New calculations suggest more than one in ten chance of colder UK winters.
As the Sun enters a period of low solar activity over the next 50 years, new research has calculated the probability of unusually cold winter temperatures occurring in the UK.
Last year, the same group of researchers, from the University of Reading, linked colder winters in Europe to low solar activity and predicted that the Sun is moving into a particularly low period of activity, meaning the UK will experience more cold winters in the future – potentially similar to those experienced in the Maunder minimum at the end of the 17th century.
The new research, published today in Environmental Research Letters, supports recent suggestions that sunspot activity is waning, and goes further, using the behaviour of the Sun over the last 9300 years to predict the probabilities of future solar changes.
Over the next 50 years, the researchers show that the probability of the Sun returning to Maunder minimum conditions is about 10 per cent, raising the chances that the average winter temperature will fall below 2.5 oC to around 1 in 7, assuming all other factors, including man-made effects and El Niño, remain constant.
Put in context, the average UK winter temperature for the last 20 years has been 5.04 oC, however the last three winters have averaged 3.50 °C, 2.53 °C and 3.13 °C, with 2009/10 being the 14th coldest in the last 160 year
You can even read the official paper here.
So thats it then, climate change has been cancelled? No, not at all. No doubt climate change sceptcs will tout this as “evidence” against climate change, but its not. Now lets get one thing clear, in April 2010 a study published in the Proceedings of the National Academy of Sciences showed that nearly 98% of working climate scientists accept the evidence for human-induced climate change, this paper does not change that. The public might think that the proper scientific view is to be sceptical about climate change, or believe that scientists are “evenly divided”, but the reality is that it is very much accepted and there is general consensus regarding its reality among those who work on it.

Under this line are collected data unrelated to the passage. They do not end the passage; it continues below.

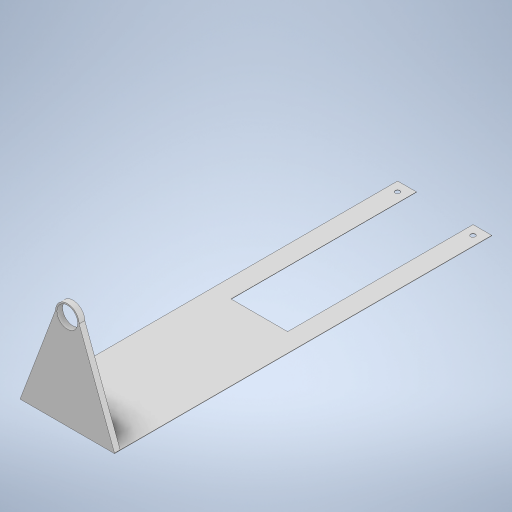
# Autodesk Inventor part: Suporte Central
Saved by Autodesk Inventor 2024 (Build 280153000, 153)
## iProperties
Created: 2024-05-05
Part Number: Suporte Central
Material: Genérico
Document SubType Name: Modeling
Designer: mathe
Density: 1 g/cm^3
Appearance: Padrão
Author: mathe
Autodesk Inventor part; units mm, degrees
ref_plane "YZ Plane" through (0, 0, 0) normal (1, 0, 0) x (0, 1, 0)
ref_plane "XZ Plane" through (0, 0, 0) normal (0, 1, 0) x (-1, 0, 0)
ref_plane "XY Plane" through (0, 0, 0) normal (0, 0, 1) x (1, 0, 0)
sketch "Esboço1" plane through (0, 0, 0) normal (0, 0, 1) x (1, 0, 0)
  line L0 (-21.5807, -22.7321) -> (78.4193, -22.7321)
  line L1 (78.4193, -22.7321) -> (78.4193, -23.0321)
  line L2 (78.4193, -23.0321) -> (-21.5807, -23.0321)
  line L3 (-21.5807, -23.0321) -> (-21.5807, -22.7321)
  circle A0 centre (28.4193, 77.2679) radius 11
  circle A1 centre (28.4193, 77.2679) radius 12.5
  line L4 (-21.5807, -23.0321) -> (17.4193, 77.2679)
  line L5 (15.9193, 77.2679) -> (-21.5807, -22.7321)
  line L6 (39.4193, 77.2679) -> (78.4193, -23.0321)
  line L7 (78.4193, -22.7321) -> (40.9193, 77.2679)
  point P0 (28.4193, -22.7321)
  point P1 (78.3026, -22.7321)
  point P2 (-21.4641, -22.7321)
  dimension "d1" = 100
  dimension "d2" = 0.3
  dimension "d4" = 22
  dimension "d5" = 50
  dimension "d6" = 100
  dimension "d7" = 25
  constraints: 16 end point, 4 point on circle, 2 centre point, 2 parallel, 1 coincident, 1 horizontal, 1 midpoint, 1 perpendicular
  measures "d1" distance of L1.end L2.end
  measures "d2" distance between parallel lines of L2 L0
  measures "d4" diameter of A0
  measures "d5" distance from line of L1 A0.centre
  measures "d6" distance from line of L0 A0.centre
  measures "d7" diameter of A1
extrude "Extrusão1" add sketch "Esboço1" against normal blind 400 contours L0 L6 L2 L4
extrude "Extrusão2" add sketch "Esboço1" against normal blind 6 contours L5 A1 L4 L0 | L4 A1 L6 L0 | A1 L6 A0 L4 | L6 A1 L7 L0 | L4 A0 L6 A1
sketch "Esboço2" plane through (-21.4641, -22.7321, -400) normal (0, 1, 0) x (1, 0, 0)
  line L0 (0, 0) -> (99.7667, 0) projected
  line L1 (20, -196.5848) -> (80, -196.5848)
  line L2 (80, -196.5848) -> (80, 0)
  line L3 (80, 0) -> (20, 0)
  line L4 (20, 0) -> (20, -196.5848)
  line L5 (0, -394) -> (0, 0) projected
  line L6 (99.7667, -394) -> (99.7667, 0) projected
  point P0 (21.4641, -400)
  point P1 (20, 0)
  dimension "d12" = 60
  dimension "d19" = 20
  dimension "d20" = 19.7667
  dimension "d21" = 99.7667
  constraints: 8 end point, 2 parallel, 1 horizontal, 1 perpendicular, 1 point on line
  measures "d12" distance of L3.end L2.end
  measures "d19" distance between parallel lines of L4 L5
  measures "d20" distance between parallel lines of L6 L2
  measures "d21" distance between parallel lines of L6 L5
extrude "Extrusão3" cut sketch "Esboço2" against normal through all
sketch "Esboço3" plane through (-21.4641, -22.7321, -6) normal (0, 1, 0) x (1, 0, 0)
  circle A0 centre (9.8833, 384) radius 2.5
  circle A1 centre (89.8833, 384) radius 2.5
  line L0 (80, 394) -> (99.7667, 394) projected
  line L1 (-0.1167, -6) -> (-0.1167, 394) projected
  line L2 (0, 394) -> (20, 394) projected
  line L3 (99.8833, -6) -> (99.8833, 394) projected
  point P0 (21.4641, -6)
  dimension "d16" = 5
  dimension "d17" = 5
  dimension "d18" = 10
  dimension "d22" = 10
  dimension "d23" = 10
  dimension "d24" = 10
  constraints: 2 centre point
  measures "d16" diameter of A0
  measures "d17" diameter of A1
  measures "d18" distance from line of L0 A1.centre
  measures "d22" distance from line of L1 A0.centre
  measures "d23" distance from line of L2 A0.centre
  measures "d24" distance from line of A1.centre L3
hole "Furo1" at (68.4193, -22.7321, -390) at (-11.5807, -22.7321, -390) direction (0, -1, 0) diameter 5 end through all

So why the apparent conflict?
Well, it is because global climate change is concerned with average temperatures for all parts of the world and all times of year. This new paper focuses on changes that only apply in winter and are regional – for example, when the winter is colder in Europe it tends to be warmer in Greenland so that there is almost no effect on the global mean.
So what might be happening here?
One possible mechanism that suggests a link between the Sun and recent cold winters is ‘blocking’. Low solar activity causes extensive anticyclones that persist for several weeks in the Atlantic Ocean, causing the warm westerly winds to be replaced by cold, continental north-easterly winds. Depending on the position of the anticyclone, this can also lead to clear skies at night causing the land to cool even further.
Lead author Professor Mike Lockwood said,
“Our results show that over the next fifty years there is a 10 per cent chance that temperatures will return to Maunder minimum levels. Describing the Maunder minimum as a ‘little ice age’ is somewhat misleading however.
“Cold winters were indeed more common during the Maunder minimum but there were also some very warm ones between them, summers were not colder, and the drop in average temperatures was not nearly as great, nor as global, as during a real ice age.”